What needs to be done:
If a line in the records below contains "centre", copy that line.

[Excerpts from a dataset]
· · · · ·

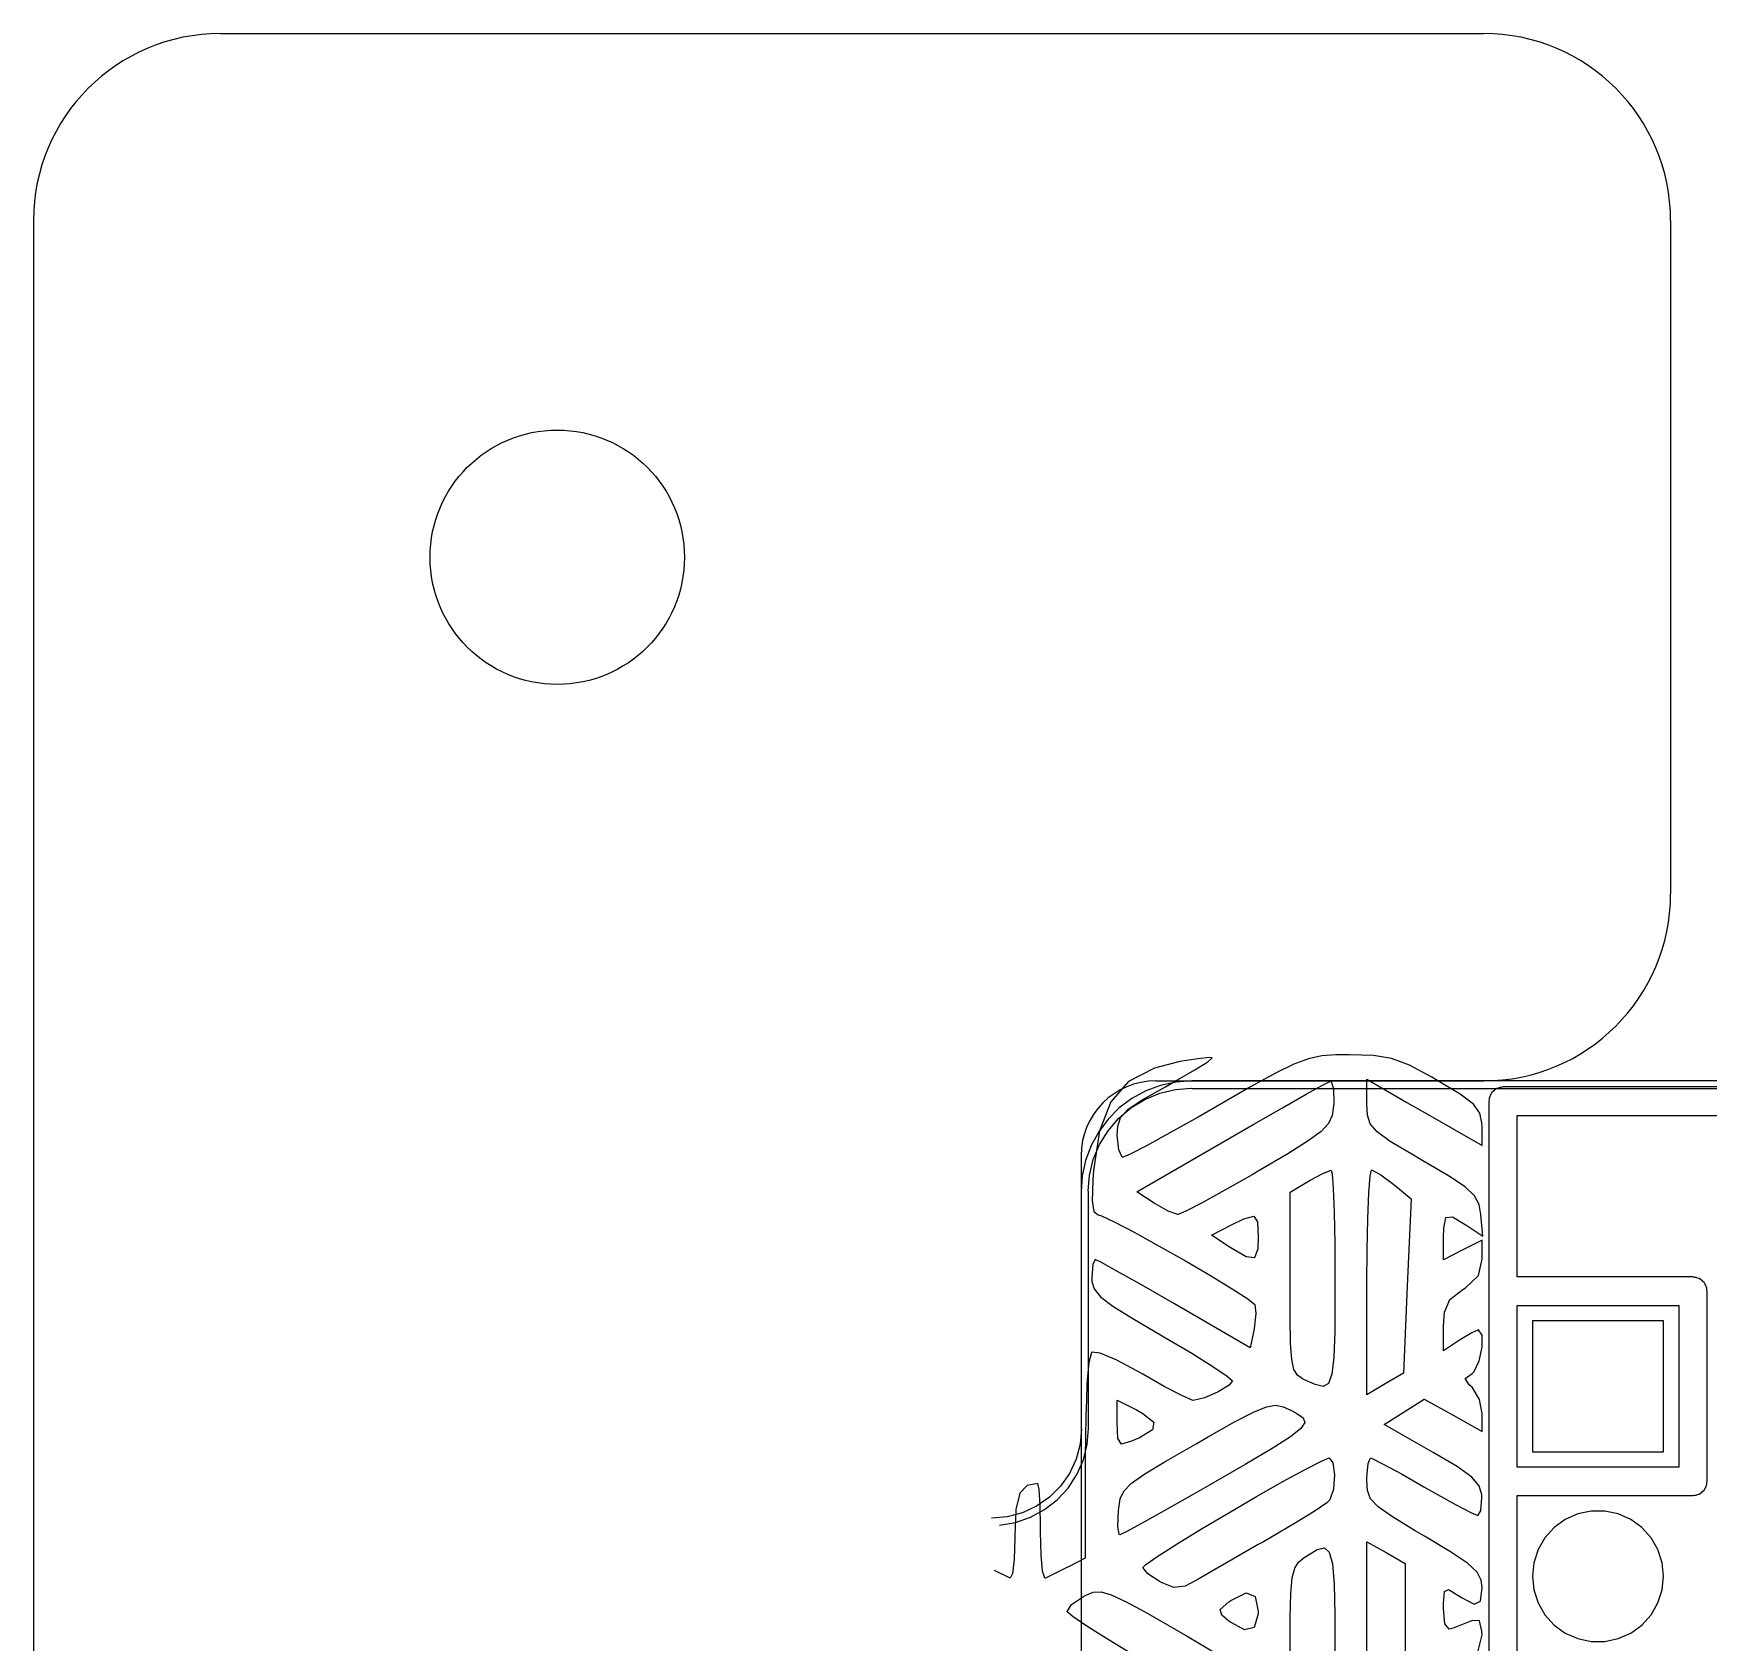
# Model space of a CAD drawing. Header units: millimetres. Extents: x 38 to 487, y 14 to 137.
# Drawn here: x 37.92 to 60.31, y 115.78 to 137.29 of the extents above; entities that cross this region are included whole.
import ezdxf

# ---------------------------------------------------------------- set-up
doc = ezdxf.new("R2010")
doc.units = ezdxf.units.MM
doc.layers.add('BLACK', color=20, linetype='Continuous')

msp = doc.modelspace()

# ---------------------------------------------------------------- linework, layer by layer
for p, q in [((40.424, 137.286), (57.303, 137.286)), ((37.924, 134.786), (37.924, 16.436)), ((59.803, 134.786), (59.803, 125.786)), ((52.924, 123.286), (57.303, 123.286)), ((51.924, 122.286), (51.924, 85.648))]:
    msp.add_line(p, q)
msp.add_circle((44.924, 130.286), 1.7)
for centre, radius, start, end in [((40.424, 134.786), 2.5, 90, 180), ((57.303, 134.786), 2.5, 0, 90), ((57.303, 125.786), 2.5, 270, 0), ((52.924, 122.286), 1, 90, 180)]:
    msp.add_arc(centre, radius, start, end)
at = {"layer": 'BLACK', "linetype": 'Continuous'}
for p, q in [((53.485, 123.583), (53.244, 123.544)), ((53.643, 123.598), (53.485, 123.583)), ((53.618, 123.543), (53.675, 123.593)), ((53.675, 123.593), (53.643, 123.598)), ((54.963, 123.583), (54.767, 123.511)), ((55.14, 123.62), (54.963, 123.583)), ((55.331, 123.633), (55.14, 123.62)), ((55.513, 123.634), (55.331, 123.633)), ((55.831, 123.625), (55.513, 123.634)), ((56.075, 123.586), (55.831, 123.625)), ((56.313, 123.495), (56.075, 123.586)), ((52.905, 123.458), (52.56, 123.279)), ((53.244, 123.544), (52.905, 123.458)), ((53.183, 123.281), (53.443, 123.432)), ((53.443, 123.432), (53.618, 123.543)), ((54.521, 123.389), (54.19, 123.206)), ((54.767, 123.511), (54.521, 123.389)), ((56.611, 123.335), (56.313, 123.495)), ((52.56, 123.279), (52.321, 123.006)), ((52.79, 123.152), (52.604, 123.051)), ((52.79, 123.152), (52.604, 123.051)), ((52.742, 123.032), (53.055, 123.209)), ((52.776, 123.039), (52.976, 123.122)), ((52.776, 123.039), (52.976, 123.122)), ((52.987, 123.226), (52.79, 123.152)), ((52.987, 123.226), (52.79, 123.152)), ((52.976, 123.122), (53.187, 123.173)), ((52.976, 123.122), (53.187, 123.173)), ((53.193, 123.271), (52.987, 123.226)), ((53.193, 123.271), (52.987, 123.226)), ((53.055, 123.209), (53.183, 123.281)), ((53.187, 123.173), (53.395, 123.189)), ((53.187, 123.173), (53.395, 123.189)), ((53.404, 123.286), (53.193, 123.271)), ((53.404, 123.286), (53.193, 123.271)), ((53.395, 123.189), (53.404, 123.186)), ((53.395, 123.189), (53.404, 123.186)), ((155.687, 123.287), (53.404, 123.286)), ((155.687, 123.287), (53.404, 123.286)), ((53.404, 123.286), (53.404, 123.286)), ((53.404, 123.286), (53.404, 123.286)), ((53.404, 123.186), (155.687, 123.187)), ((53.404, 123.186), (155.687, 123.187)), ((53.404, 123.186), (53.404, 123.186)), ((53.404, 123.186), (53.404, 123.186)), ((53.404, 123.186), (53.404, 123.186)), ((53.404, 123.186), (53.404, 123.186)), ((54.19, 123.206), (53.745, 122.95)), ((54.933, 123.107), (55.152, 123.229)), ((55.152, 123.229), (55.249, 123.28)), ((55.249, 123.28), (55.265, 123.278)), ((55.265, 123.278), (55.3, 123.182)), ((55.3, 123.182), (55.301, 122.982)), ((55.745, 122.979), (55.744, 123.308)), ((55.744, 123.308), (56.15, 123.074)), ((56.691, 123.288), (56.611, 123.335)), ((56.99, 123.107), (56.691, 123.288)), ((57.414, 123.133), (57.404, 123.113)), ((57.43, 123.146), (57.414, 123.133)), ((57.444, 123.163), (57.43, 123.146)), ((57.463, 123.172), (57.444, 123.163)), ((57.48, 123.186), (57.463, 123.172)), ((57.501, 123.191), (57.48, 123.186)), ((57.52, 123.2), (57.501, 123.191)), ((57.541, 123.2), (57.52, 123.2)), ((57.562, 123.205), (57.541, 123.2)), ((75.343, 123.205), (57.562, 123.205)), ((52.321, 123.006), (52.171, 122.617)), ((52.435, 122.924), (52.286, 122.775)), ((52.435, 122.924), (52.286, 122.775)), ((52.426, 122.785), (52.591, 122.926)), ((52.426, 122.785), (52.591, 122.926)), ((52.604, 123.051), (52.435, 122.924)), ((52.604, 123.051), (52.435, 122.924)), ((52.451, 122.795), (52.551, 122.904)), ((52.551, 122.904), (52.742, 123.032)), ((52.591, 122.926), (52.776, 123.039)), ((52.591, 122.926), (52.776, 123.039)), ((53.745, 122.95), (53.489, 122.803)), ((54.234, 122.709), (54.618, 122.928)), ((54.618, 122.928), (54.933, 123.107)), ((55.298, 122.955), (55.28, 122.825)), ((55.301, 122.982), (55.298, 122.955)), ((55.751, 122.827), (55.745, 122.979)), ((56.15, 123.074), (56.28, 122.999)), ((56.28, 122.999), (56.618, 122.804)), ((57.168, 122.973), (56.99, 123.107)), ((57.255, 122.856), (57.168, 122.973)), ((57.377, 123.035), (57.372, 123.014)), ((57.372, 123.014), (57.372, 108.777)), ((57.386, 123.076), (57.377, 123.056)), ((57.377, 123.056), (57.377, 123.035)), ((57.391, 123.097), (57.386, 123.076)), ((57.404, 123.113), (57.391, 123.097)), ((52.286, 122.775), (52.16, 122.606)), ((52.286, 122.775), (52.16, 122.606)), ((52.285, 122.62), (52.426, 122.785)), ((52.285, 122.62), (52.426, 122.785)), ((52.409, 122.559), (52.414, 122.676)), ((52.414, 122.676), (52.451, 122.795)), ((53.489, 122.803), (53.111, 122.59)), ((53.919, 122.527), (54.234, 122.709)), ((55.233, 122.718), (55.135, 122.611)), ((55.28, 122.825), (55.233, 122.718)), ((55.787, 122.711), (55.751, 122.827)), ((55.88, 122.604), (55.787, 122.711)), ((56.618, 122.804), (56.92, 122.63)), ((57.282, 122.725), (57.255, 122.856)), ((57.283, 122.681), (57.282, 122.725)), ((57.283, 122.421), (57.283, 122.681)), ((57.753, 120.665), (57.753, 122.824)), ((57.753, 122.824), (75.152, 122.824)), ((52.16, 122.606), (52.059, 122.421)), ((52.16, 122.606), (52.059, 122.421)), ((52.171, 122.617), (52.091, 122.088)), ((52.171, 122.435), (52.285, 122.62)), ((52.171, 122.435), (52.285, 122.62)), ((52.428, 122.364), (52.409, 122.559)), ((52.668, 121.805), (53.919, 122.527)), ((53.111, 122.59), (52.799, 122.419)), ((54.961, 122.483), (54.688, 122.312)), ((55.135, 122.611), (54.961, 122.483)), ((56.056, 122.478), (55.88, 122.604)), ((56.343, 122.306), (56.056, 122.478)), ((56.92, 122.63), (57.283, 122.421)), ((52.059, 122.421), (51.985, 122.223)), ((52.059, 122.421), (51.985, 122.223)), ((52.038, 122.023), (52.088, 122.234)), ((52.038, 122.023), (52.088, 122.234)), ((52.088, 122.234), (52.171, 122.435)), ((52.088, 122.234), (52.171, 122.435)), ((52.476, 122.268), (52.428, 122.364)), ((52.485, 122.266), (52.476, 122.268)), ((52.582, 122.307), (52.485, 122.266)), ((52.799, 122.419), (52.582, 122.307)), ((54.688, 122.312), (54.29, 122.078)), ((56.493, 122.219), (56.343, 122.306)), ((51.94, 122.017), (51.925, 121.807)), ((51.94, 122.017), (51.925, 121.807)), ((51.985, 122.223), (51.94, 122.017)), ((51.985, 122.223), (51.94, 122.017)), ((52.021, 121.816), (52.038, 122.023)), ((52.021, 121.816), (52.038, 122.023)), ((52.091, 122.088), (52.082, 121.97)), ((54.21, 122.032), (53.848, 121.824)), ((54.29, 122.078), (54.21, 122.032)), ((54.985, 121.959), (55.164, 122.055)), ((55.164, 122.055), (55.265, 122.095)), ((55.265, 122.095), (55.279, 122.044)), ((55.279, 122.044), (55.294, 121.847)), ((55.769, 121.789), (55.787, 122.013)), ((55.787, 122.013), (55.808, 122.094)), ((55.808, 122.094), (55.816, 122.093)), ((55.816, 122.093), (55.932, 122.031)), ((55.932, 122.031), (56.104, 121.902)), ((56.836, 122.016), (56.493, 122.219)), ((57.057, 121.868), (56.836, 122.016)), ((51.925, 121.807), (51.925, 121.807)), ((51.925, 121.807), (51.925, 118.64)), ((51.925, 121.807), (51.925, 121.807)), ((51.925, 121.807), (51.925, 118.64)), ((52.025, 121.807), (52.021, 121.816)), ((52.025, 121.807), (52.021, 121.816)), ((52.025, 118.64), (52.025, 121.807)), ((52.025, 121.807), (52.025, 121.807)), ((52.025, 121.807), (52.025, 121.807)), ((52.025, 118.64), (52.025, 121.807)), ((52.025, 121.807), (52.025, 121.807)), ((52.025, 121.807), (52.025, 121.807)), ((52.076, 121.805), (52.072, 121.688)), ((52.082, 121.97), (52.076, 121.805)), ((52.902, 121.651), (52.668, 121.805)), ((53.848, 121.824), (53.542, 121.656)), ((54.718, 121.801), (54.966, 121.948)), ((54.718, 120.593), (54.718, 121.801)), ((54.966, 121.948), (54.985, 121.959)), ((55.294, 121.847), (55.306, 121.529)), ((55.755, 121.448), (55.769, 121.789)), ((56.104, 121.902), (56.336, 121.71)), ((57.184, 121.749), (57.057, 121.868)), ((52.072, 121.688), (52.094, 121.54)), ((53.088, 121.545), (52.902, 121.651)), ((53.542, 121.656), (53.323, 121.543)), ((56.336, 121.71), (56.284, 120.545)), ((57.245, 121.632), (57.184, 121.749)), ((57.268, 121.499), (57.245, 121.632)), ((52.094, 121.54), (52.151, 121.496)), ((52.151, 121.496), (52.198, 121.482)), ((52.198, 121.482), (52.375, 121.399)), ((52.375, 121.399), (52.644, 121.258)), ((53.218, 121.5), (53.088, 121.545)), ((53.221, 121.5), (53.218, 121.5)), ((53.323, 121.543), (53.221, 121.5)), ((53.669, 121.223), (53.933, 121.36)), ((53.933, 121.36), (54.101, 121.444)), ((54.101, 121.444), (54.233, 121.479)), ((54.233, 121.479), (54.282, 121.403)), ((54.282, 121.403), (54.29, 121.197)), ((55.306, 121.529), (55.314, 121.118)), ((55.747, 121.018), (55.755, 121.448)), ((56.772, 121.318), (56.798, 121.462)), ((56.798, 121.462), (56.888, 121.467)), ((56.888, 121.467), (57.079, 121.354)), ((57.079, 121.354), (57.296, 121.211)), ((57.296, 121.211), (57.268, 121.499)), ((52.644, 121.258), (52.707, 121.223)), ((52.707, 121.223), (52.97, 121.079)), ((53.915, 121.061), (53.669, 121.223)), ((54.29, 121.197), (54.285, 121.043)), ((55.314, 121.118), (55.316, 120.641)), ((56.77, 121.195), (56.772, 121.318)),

· · · · ·

Task solution:
for centre, radius, start, end in [((40.424, 134.786), 2.5, 90, 180), ((57.303, 134.786), 2.5, 0, 90), ((57.303, 125.786), 2.5, 270, 0), ((52.924, 122.286), 1, 90, 180)]:
    msp.add_arc(centre, radius, start, end)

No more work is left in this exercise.